> [WHAT IS BEING ASKED] Copy each line of the data that has "with" in it.

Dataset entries
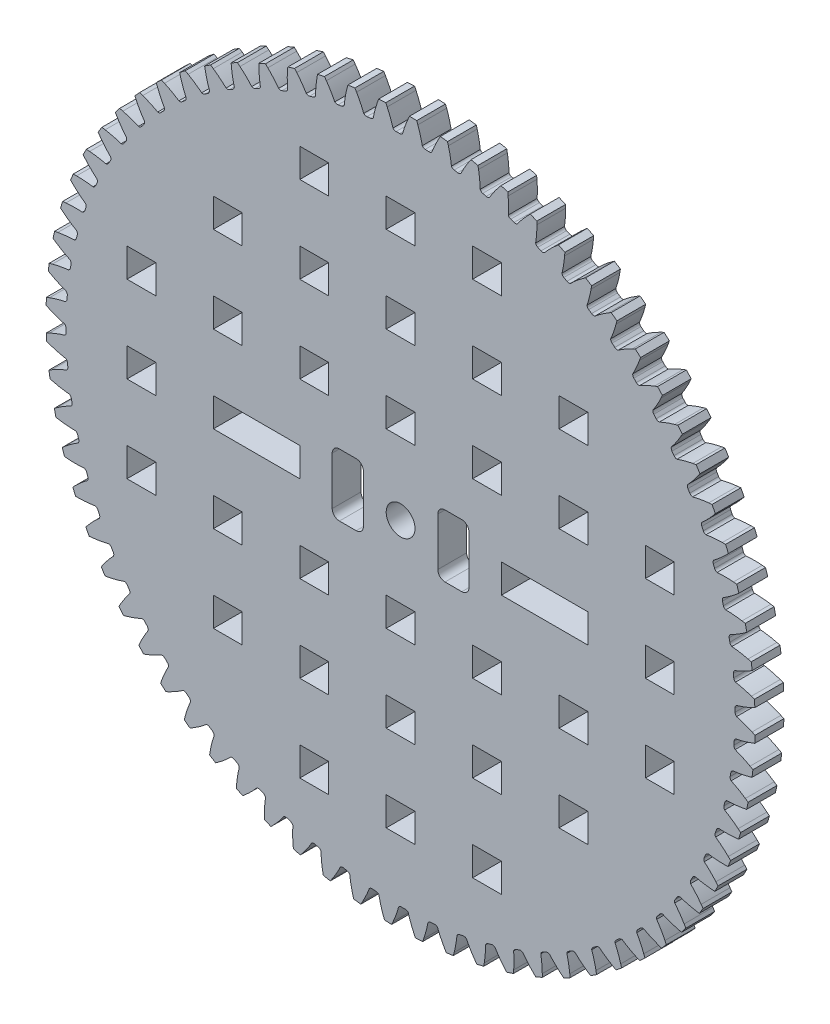
from build123d import *

# Parameters (mm, degrees)
MODEL_R                 = 1.5
MODEL_W                 = 3
MODEL_H                 = 3
MODEL_W_2               = 9
MODEL_H_2               = 2.999999999
SALIENTE_EXTRUIR1_DEPTH = 3


with BuildPart() as part:
    # Model → Saliente-Extruir1 (new body)
    with BuildSketch(Plane.XY):
        with BuildLine():
            Line((66.381105727, 280.580144611), (66.621753071, 280.825617289))
            Line((66.621753071, 280.825617289), (67.312110853, 280.546390046))
            Line((67.312110853, 280.546390046), (67.314437691, 280.202642223))
            ThreePointArc((67.314437691, 280.202642223), (67.28482772, 279.346751176), (67.187378036, 278.495910536))
            ThreePointArc((67.187378036, 278.495910536), (67.266733106, 278.333407592), (67.411213785, 278.224642857))
            Line((67.411213785, 278.224642857), (67.74822325, 278.070904418))
            ThreePointArc((67.74822325, 278.070904418), (67.925068257, 278.033085409), (68.099807783, 278.079674378))
            ThreePointArc((68.099807783, 278.079674378), (68.67849162, 278.710983536), (69.305457569, 279.294370142))
            Line((69.305457569, 279.294370142), (69.566583531, 279.517934925))
            Line((69.566583531, 279.517934925), (70.229978036, 279.17960158))
            Line((70.229978036, 279.17960158), (70.202336423, 278.836959024))
            ThreePointArc((70.202336423, 278.836959024), (70.098243307, 277.98690558), (69.9270088, 277.147795945))
            ThreePointArc((69.9270088, 277.147795945), (69.991898836, 276.978995124), (70.12635025, 276.858051951))
            Line((70.12635025, 276.858051951), (70.448678105, 276.675526223))
            ThreePointArc((70.448678105, 276.675526223), (70.62155402, 276.622438068), (70.799689105, 276.653620199))
            ThreePointArc((70.799689105, 276.653620199), (71.431193094, 277.232091415), (72.106618742, 277.758614377))
            Line((72.106618742, 277.758614377), (72.386235995, 277.958569801))
            Line((72.386235995, 277.958569801), (73.01761839, 277.563705276))
            Line((73.01761839, 277.563705276), (72.960218694, 277.224775703))
            ThreePointArc((72.960218694, 277.224775703), (72.782434645, 276.387029282), (72.538718514, 275.566036783))
            ThreePointArc((72.538718514, 275.566036783), (72.588649663, 275.392222761), (72.712048557, 275.2600216))
            Line((72.712048557, 275.2600216), (73.017241691, 275.050097714))
            ThreePointArc((73.017241691, 275.050097714), (73.184832823, 274.982144447), (73.365007753, 274.997682425))
            ThreePointArc((73.365007753, 274.997682425), (74.044525766, 275.518913184), (74.763270716, 275.984565343))
            Line((74.763270716, 275.984565343), (75.059251204, 276.159389627))
            Line((75.059251204, 276.159389627), (75.653816287, 275.710999079))
            Line((75.653816287, 275.710999079), (75.567095357, 275.378361949))
            ThreePointArc((75.567095357, 275.378361949), (75.316973418, 274.559298306), (75.002630489, 273.762671193))
            ThreePointArc((75.002630489, 273.762671193), (75.037222744, 273.585166799), (75.148629978, 273.442713781))
            Line((75.148629978, 273.442713781), (75.434365689, 273.206989384))
            ThreePointArc((75.434365689, 273.206989384), (75.595396568, 273.12468817), (75.776240102, 273.124463742))
            ThreePointArc((75.776240102, 273.124463742), (76.498600598, 273.584487163), (77.255194765, 273.985724625))
            Line((77.255194765, 273.985724625), (77.565285899, 274.13408725))
            Line((77.565285899, 274.13408725), (78.118508672, 273.635583202))
            Line((78.118508672, 273.635583202), (78.003126504, 273.311770085))
            ThreePointArc((78.003126504, 273.311770085), (77.682570254, 272.51762279), (77.299992868, 271.751423874))
            ThreePointArc((77.299992868, 271.751423874), (77.318982962, 271.571580024), (77.417550659, 271.419959303))
            Line((77.417550659, 271.419959303), (77.681654324, 271.160228401))
            ThreePointArc((77.681654324, 271.160228401), (77.834899409, 271.064205602), (78.015035218, 271.048220475))
            ThreePointArc((78.015035218, 271.048220475), (78.774740597, 271.443535503), (79.563425845, 271.777304608))
            Line((79.563425845, 271.777304608), (79.885267643, 271.898076446))
            Line((79.885267643, 271.898076446), (80.392937745, 271.353252815))
            Line((80.392937745, 271.353252815), (80.249772469, 271.040728122))
            ThreePointArc((80.249772469, 271.040728122), (79.861221535, 270.277541116), (79.413321335, 269.547601634))
            ThreePointArc((79.413321335, 269.547601634), (79.416564742, 269.366787049), (79.501542743, 269.20715255))
            Line((79.501542743, 269.20715255), (79.742004373, 268.925391851))
            ThreePointArc((79.742004373, 268.925391851), (79.886297376, 268.816378258), (80.064354519, 268.784754089))
            ThreePointArc((80.064354519, 268.784754089), (80.855622965, 269.112352138), (81.670396921, 269.376112702))
            Line((81.670396921, 269.376112702), (82.001539973, 269.468374606))
            Line((82.001539973, 269.468374606), (82.459793729, 268.881377828))
            Line((82.459793729, 268.881377828), (82.289934918, 268.582520062))
            ThreePointArc((82.289934918, 268.582520062), (81.836346408, 267.856101658), (81.326532186, 267.167976892))
            ThreePointArc((81.326532186, 267.167976892), (81.314004221, 266.987567679), (81.384745791, 266.821134316))
            Line((81.384745791, 266.821134316), (81.59973533, 266.519488189))
            ThreePointArc((81.59973533, 266.519488189), (81.733978094, 266.398313463), (81.908601447, 266.351290931))
            ThreePointArc((81.908601447, 266.351290931), (82.725410929, 266.608678781), (83.560072672, 266.800423427))
            Line((83.560072672, 266.800423427), (83.89799678, 266.863473228))
            Line((83.89799678, 266.863473228), (84.303346601, 266.238770704))
            Line((84.303346601, 266.238770704), (84.108086984, 265.955854353))
            ThreePointArc((84.108086984, 265.955854353), (83.592912979, 265.271733033), (83.025064729, 264.630660026))
            ThreePointArc((83.025064729, 264.630660026), (82.996860738, 264.452029209), (83.052827492, 264.280063642))
            Line((83.052827492, 264.280063642), (83.240708738, 263.960827797))
            ThreePointArc((83.240708738, 263.960827797), (83.363879595, 263.828414149), (83.53374017, 263.766351124))
            ThreePointArc((83.53374017, 263.766351124), (84.369874274, 263.951569898), (85.218071524, 264.069839334))
            Line((85.218071524, 264.069839334), (85.560204881, 264.103197184))
            Line((85.560204881, 264.103197184), (85.909565812, 263.445543277))
            Line((85.909565812, 263.445543277), (85.690391431, 263.180721505))
            ThreePointArc((85.690391431, 263.180721505), (85.117552718, 262.544103847), (84.495992107, 261.954961553))
            ThreePointArc((84.495992107, 261.954961553), (84.452326739, 261.779468619), (84.493092736, 261.603279609))
            Line((84.493092736, 261.603279609), (84.652435801, 261.268883623))
            ThreePointArc((84.652435801, 261.268883623), (84.763597345, 261.126238802), (84.9274024, 261.04960762))
            ThreePointArc((84.9274024, 261.04960762), (85.776497642, 261.161247692), (86.631775106, 261.205141816))
            Line((86.631775106, 261.205141816), (86.97551387, 261.208553843))
            Line((86.97551387, 261.208553843), (87.266227062, 260.522953696))
            Line((87.266227062, 260.522953696), (87.024805968, 260.278241957))
            ThreePointArc((87.024805968, 260.278241957), (86.398662194, 259.693973005), (85.728119675, 259.161245151))
            ThreePointArc((85.728119675, 259.161245151), (85.66932525, 258.990225709), (85.694580236, 258.81115416))
            Line((85.694580236, 258.81115416), (85.824172421, 258.464142989))
            ThreePointArc((85.824172421, 258.464142989), (85.922478647, 258.312352607), (86.078981527, 258.221736479))
            ThreePointArc((86.078981527, 258.221736479), (86.934575778, 258.258948201), (87.790424279, 258.228132952))
            Line((87.790424279, 258.228132952), (88.133152391, 258.201573187))
            Line((88.133152391, 258.201573187), (88.363005341, 257.493244632))
            Line((88.363005341, 257.493244632), (88.101174894, 257.270505329))
            ThreePointArc((88.101174894, 257.270505329), (87.426491391, 256.743031723), (86.712070198, 256.270772691))
            ThreePointArc((86.712070198, 256.270772691), (86.638594177, 256.105528301), (86.648145946, 255.924937056))
            Line((86.648145946, 255.924937056), (86.747000978, 255.567951664))
            ThreePointArc((86.747000978, 255.567951664), (86.831703715, 255.408170939), (86.979713338, 255.304259508))
            ThreePointArc((86.979713338, 255.304259508), (87.83529501, 255.266759675), (88.685201022, 255.161469576))
            Line((88.685201022, 255.161469576), (89.024310115, 255.105140156))
            Line((89.024310115, 255.105140156), (89.191553504, 254.379474))
            Line((89.191553504, 254.379474), (88.911306392, 254.180402315))
            ThreePointArc((88.911306392, 254.180402315), (88.193217909, 253.713738446), (87.440355217, 253.305542412))
            ThreePointArc((87.440355217, 253.305542412), (87.352756797, 253.147330684), (87.346532655, 252.966594152))
            Line((87.346532655, 252.966594152), (87.413898186, 252.602351414))
            ThreePointArc((87.413898186, 252.602351414), (87.484352796, 252.435796372), (87.62274272, 252.319380467))
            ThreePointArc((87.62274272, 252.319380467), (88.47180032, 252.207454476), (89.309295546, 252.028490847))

> [WRITTEN ANSWER]
with BuildPart() as part:
    with BuildSketch(Plane.XY):
        with BuildLine():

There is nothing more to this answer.